In the same way that words can represent ideas and things, so can bits. The word and the bit are means by which information is conveyed, though the interpreter must supply the meaning.
The Computer
“What is a computer?” I asked my class. No answer. This was strange seeing as I was pretty sure my students had been using them since their first birthdays.
I waited. Finally someone volunteered an answer: “A machine that manipulates data stored as 0’s and 1’s.” Another student disagreed, “You’re talking about a digital computer. What about an analog computer? They store information on continuous voltage signals.”
Eventually, everyone agreed on a significantly broader definition: a computer is a machine that processes information.

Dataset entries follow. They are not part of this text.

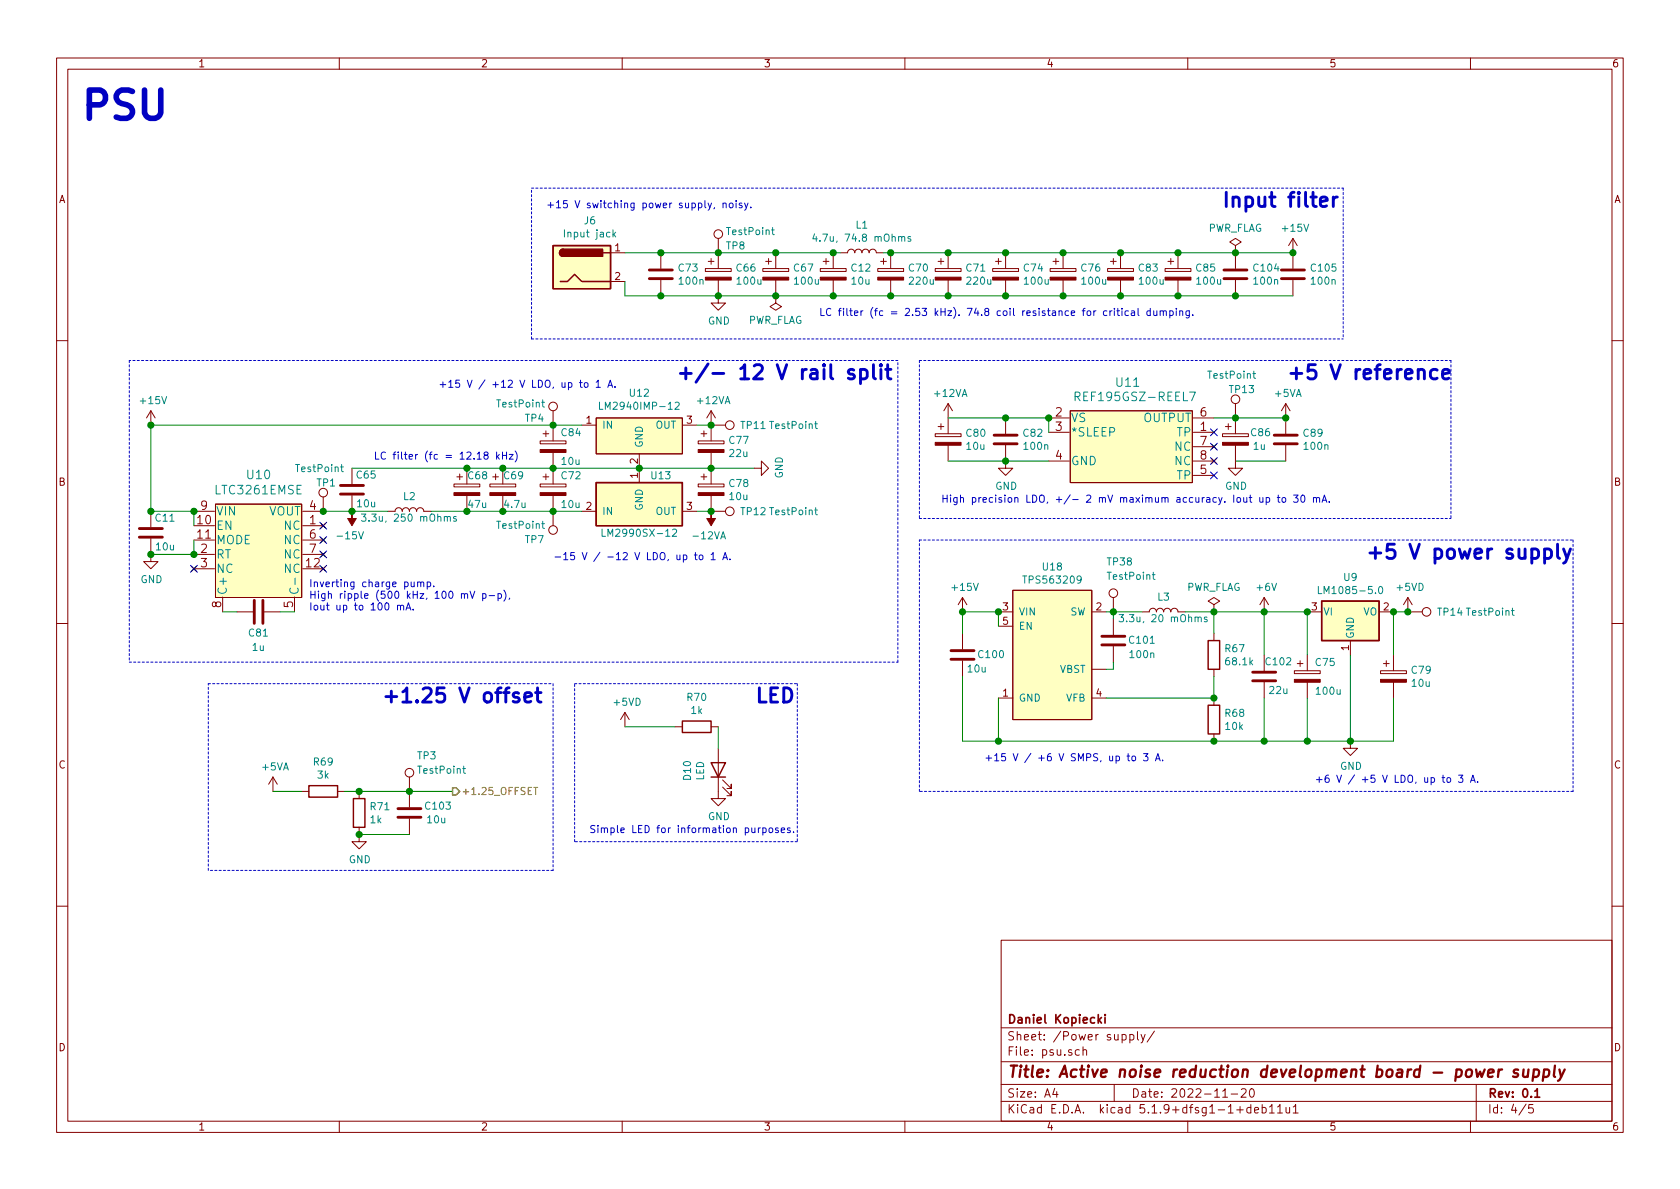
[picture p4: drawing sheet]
<svg xmlns="http://www.w3.org/2000/svg" width="297mm" height="210mm" viewBox="0 0 297 210" stroke-linecap="round" stroke-linejoin="round" font-family="sans-serif">
<g fill="none" stroke="#840000" stroke-width=".18">
<path d="M10 10.3h277v189.9h-277zM12 12.2h273v186.1h-273zM60 10.3v1.9M110 10.3v1.9M160 10.3v1.9M210 10.3v1.9M260 10.3v1.9M107.9 44.7h2.6M107.9 49.8h2.6M116.8 44.7v2.8M116.8 49.5v2.8M124.7 47.5h4.6v.5h-4.6z"/>
<path d="M125.2 46.2h1M125.7 45.7v1M127 49.5v4.1h1.3l-1.3 1.3-1.3-1.3h1.3M127 42.2v5.3M134.9 47.5h4.5v.5h-4.5zM135.4 46.2h1M135.9 45.7v1M137.2 52.3v1.3l1 .6-1 .7-1.1-.7 1.1-.6M137.2 52.3h.1M137.2 44.7v2.8M137.2 49.5v2.8M145 47.5h4.6v.5h-4.6z"/>
<path d="M145.5 46.2h1.1M146 45.7v1M147.3 44.7v2.8M147.3 49.5v2.8M148.6 44.7h1.3a.63 .63 0 0 1 .6-.6 .63 .63 0 0 1 .6 .6 .63 .63 0 0 1 .7-.6 .63 .63 0 0 1 .6 .6 .63 .63 0 0 1 .6-.6 .63 .63 0 0 1 .7 .6 .63 .63 0 0 1 .6-.6 .63 .63 0 0 1 .6 .6h1.3M155.2 47.5h4.6v.5h-4.6zM155.7 46.2h1M156.2 45.7v1M157.5 44.7v2.8M157.5 49.5v2.8M165.4 47.5h4.5v.5h-4.5zM165.9 46.2h1"/>
<path d="M166.4 45.7v1M167.6 44.7v2.8M167.6 49.5v2.8M175.5 47.5h4.6v.5h-4.6zM176 46.2h1M176.5 45.7v1M177.8 44.7v2.8M177.8 49.5v2.8M185.7 47.5h4.5v.5h-4.5zM186.2 46.2h1M186.7 45.7v1M188 44.7v2.8"/>
<path d="M188 49.5v2.8M195.8 47.5h4.6v.5h-4.6zM196.3 46.2h1.1M196.8 45.7v1M198.1 44.7v2.8M198.1 49.5v2.8M206 47.5h4.6v.5h-4.6zM206.5 46.2h1M207 45.7v1M208.3 44.7v2.8M208.3 49.5v2.8M218.4 43.4l1.1-.6-1.1-.6-1 .6 1 .6v1.3"/>
<path d="M218.4 44.7h.1M218.4 44.7v2.8M218.4 49.5v2.8M228.6 42.2v5.3M228.6 49.5v2.8M228.6 42.2l-.8 1.2M228.6 42.2l.8 1.2M10 60.2h2M26.7 72.6l-.8 1.3M26.7 72.6v2.6M26.7 72.6l.7 1.3M95.5 78h4.6v.5h-4.6z"/>
<path d="M96 76.7h1M96.5 76.2v1M97.8 72.6v5.4M102.9 75.2h2.5M105.4 73.9h15.2v6.4h-15.2zM120.6 75.2h2.6M123.4 78h4.6v.5h-4.6zM124 76.7h1M124.5 76.2v1M125.7 72.6v5.4M125.7 72.6l-.7 1.3M125.7 72.6l.8 1.3"/>
<path d="M125.7 75.2h2.6M165.4 76.7h4.5v.5h-4.5zM165.9 75.4h1M166.4 74.9v1M167.6 71.4l-.7 1.2M167.6 71.4v5.3M167.6 78.7v2.8M167.6 71.4l.8 1.2M177.8 78.7v4.1h1.3l-1.3 1.3-1.3-1.3h1.3M177.8 73.9v2.8M185.4 76.4h3.7M185.4 73.9h3.7"/>
<path d="M189.2 72.6h21.6v12.7h-21.6zM211 76.4h3.6M211 73.9h3.6M211 79h3.6M214.2 78.6l.8 .8M215 78.6l-.8 .8M216.2 76.7h4.5v.5h-4.5zM216.7 75.4h1M217.2 74.9v1M218.4 78.7v4.1h1.3l-1.3 1.3-1.2-1.3h1.2M218.4 71.4v5.3M227.3 71.4l-.7 1.2"/>
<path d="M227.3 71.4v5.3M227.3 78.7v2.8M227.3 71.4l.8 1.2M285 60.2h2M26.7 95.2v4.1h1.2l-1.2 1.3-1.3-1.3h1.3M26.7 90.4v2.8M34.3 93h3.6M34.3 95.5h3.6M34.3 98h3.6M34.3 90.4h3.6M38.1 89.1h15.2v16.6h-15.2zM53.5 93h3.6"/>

OK, I said, then what was the first computer? Now the class had warmed up: “The Mark 1.” “Babbage’s mechanical computer.” “The slide rule.” “The abacus.” “The brain.” “DNA.”
A raised hand wiggled its fingers: “Digits!”
Clearly, if you define a computer as a machine that processes information, then pretty much anything can compute.
“For the moment,” I said, “let’s just look at machines that people fabricate to process information and save the question of people as information-processing machines for later.”